§ **Prompt**
Scan the entries for the word "flags". Every line that has it should be copied.

§ **Material for this task**
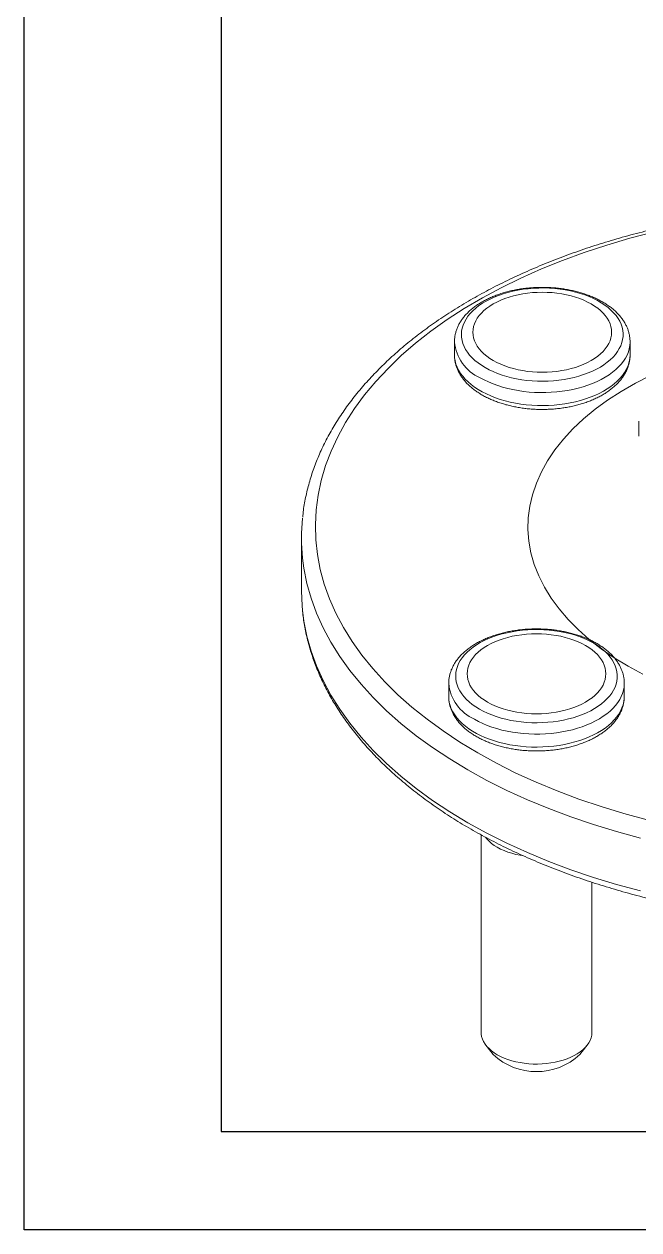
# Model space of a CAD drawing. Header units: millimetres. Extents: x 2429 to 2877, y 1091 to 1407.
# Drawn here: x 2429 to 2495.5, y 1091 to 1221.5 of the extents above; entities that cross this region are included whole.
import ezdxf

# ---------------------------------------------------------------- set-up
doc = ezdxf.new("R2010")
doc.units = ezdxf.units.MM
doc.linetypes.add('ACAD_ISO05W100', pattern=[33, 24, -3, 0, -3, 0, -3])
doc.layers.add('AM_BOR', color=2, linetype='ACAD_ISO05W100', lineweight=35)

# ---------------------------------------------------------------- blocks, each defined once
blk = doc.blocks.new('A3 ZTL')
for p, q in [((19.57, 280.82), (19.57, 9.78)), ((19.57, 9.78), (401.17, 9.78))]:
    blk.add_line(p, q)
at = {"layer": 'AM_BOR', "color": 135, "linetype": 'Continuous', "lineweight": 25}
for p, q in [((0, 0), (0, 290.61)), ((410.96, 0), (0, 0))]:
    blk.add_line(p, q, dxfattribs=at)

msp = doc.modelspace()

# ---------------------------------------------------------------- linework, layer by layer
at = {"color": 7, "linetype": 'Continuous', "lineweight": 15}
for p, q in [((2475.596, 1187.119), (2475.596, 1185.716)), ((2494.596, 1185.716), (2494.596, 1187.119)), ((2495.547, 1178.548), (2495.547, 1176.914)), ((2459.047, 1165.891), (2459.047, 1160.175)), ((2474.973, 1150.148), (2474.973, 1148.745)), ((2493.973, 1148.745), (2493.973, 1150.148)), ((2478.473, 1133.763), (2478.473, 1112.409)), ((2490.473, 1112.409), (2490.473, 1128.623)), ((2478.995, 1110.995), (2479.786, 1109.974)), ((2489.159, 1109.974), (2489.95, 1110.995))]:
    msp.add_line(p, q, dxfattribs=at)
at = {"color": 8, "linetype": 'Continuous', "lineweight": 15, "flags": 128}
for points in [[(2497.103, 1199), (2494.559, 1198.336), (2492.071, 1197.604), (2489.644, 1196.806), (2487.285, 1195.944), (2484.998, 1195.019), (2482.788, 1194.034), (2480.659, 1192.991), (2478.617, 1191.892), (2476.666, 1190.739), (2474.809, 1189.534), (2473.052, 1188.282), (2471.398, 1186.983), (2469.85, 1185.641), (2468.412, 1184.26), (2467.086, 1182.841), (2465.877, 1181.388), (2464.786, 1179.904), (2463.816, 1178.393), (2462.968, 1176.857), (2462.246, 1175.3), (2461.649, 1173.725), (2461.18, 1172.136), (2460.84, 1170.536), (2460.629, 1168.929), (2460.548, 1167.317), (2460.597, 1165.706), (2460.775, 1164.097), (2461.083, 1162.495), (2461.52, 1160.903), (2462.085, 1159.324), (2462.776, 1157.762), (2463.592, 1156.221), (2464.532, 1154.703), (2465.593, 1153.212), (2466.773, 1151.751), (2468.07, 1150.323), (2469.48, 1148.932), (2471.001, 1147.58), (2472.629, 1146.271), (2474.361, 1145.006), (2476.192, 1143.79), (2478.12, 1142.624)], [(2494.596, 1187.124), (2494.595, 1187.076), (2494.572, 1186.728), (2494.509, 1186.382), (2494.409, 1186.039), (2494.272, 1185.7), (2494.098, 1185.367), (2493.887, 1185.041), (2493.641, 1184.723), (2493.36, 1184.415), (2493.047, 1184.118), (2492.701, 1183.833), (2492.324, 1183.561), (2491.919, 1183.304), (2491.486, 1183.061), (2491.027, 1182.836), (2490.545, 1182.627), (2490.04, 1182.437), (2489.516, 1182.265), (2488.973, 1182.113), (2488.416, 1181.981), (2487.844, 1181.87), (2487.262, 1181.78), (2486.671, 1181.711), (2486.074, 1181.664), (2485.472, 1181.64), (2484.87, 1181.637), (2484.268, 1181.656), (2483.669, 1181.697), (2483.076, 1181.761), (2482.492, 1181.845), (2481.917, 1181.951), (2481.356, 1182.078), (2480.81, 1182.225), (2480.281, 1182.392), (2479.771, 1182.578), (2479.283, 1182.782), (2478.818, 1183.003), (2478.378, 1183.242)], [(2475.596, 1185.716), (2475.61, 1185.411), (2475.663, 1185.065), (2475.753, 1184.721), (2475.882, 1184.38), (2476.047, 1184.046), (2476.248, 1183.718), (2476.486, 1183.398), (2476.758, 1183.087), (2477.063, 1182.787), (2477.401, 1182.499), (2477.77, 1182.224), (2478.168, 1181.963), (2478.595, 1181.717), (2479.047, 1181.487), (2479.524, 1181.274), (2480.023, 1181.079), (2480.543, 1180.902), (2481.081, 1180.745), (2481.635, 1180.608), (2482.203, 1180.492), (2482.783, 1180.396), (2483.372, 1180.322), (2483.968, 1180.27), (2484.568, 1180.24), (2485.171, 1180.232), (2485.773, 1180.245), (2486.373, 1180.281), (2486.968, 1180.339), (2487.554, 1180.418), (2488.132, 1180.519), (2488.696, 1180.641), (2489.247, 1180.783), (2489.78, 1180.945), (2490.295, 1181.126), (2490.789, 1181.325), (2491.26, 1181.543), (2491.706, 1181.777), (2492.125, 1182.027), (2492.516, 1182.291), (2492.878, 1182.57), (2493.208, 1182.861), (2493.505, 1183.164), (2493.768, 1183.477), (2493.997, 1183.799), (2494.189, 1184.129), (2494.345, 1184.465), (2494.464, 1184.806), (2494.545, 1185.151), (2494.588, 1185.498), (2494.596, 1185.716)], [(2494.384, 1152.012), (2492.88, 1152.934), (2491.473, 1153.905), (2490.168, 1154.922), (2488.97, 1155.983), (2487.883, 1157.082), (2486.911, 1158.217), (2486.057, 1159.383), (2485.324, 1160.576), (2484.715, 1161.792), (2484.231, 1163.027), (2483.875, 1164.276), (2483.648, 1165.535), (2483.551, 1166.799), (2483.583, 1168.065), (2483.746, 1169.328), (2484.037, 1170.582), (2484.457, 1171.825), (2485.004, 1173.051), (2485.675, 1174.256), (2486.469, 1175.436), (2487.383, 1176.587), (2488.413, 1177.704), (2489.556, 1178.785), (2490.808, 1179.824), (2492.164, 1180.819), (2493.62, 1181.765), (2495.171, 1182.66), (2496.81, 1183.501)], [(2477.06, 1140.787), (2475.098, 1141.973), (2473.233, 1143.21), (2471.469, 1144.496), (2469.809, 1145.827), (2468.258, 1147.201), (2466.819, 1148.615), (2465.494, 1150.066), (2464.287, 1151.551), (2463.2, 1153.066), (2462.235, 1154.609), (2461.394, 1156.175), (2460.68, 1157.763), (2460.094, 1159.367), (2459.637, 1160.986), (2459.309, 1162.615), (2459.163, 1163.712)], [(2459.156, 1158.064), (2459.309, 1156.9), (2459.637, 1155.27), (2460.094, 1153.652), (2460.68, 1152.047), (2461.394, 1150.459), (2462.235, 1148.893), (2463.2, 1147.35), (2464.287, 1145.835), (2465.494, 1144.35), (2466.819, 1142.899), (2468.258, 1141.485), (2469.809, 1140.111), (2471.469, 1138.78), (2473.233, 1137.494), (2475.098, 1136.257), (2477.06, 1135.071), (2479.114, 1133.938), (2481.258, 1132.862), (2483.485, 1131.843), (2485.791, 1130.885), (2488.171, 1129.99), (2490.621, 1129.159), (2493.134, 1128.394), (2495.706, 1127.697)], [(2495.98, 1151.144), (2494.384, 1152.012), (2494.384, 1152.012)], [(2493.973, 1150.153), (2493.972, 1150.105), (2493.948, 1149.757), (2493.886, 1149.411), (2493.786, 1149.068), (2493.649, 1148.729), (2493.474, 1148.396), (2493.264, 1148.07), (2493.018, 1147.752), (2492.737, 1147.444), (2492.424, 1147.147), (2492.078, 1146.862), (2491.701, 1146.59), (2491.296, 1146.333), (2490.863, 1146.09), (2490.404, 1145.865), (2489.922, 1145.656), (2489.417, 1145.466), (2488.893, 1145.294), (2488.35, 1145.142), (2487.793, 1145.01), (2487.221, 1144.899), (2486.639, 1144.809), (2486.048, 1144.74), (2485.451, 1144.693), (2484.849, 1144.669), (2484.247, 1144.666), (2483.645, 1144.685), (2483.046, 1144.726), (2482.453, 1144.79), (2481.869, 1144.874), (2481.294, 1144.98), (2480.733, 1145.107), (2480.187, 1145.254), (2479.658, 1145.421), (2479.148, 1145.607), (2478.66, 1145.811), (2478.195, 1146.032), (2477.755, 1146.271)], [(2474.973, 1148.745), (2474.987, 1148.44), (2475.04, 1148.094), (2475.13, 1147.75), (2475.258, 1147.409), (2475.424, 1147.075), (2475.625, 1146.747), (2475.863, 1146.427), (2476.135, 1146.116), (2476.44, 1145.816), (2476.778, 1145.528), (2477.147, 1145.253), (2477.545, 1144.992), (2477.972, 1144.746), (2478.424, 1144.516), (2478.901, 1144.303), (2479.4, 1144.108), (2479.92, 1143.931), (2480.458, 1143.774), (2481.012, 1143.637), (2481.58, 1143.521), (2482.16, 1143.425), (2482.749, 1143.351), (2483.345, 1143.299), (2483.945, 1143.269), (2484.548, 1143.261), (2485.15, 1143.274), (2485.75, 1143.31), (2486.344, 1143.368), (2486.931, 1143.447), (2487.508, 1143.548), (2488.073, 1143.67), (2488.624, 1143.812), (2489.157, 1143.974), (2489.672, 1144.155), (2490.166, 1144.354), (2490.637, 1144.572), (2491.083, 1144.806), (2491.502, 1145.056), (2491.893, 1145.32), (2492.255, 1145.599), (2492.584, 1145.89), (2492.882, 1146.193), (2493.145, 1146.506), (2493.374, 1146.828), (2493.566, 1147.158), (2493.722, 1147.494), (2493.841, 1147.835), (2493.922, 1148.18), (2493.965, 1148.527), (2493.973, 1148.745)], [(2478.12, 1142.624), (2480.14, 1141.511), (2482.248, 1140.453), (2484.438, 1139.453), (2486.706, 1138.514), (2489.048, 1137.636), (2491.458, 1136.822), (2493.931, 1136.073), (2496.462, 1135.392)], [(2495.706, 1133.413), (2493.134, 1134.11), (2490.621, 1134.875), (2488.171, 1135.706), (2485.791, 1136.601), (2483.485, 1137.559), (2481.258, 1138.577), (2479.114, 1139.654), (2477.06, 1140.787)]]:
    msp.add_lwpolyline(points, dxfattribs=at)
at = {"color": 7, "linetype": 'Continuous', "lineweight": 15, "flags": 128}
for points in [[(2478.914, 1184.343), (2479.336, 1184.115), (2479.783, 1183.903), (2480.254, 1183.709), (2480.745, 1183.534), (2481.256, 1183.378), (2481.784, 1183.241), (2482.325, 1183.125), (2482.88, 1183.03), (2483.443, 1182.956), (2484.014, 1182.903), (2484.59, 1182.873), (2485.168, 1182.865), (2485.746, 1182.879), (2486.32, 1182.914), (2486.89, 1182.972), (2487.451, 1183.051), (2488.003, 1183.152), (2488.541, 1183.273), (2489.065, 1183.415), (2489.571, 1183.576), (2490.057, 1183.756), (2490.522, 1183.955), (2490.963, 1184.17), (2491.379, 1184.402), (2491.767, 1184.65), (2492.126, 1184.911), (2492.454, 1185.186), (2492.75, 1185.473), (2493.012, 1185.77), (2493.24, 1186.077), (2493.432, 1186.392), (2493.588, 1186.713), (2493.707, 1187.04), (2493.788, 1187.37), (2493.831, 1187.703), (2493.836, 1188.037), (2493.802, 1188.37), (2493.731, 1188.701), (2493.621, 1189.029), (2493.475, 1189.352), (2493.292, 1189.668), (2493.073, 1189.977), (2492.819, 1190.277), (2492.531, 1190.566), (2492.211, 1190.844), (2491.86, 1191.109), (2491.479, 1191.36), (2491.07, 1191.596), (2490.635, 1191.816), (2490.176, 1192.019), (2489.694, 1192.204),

§ **Response below**
at = {"color": 8, "linetype": 'Continuous', "lineweight": 15, "flags": 128}
at = {"color": 7, "linetype": 'Continuous', "lineweight": 15, "flags": 128}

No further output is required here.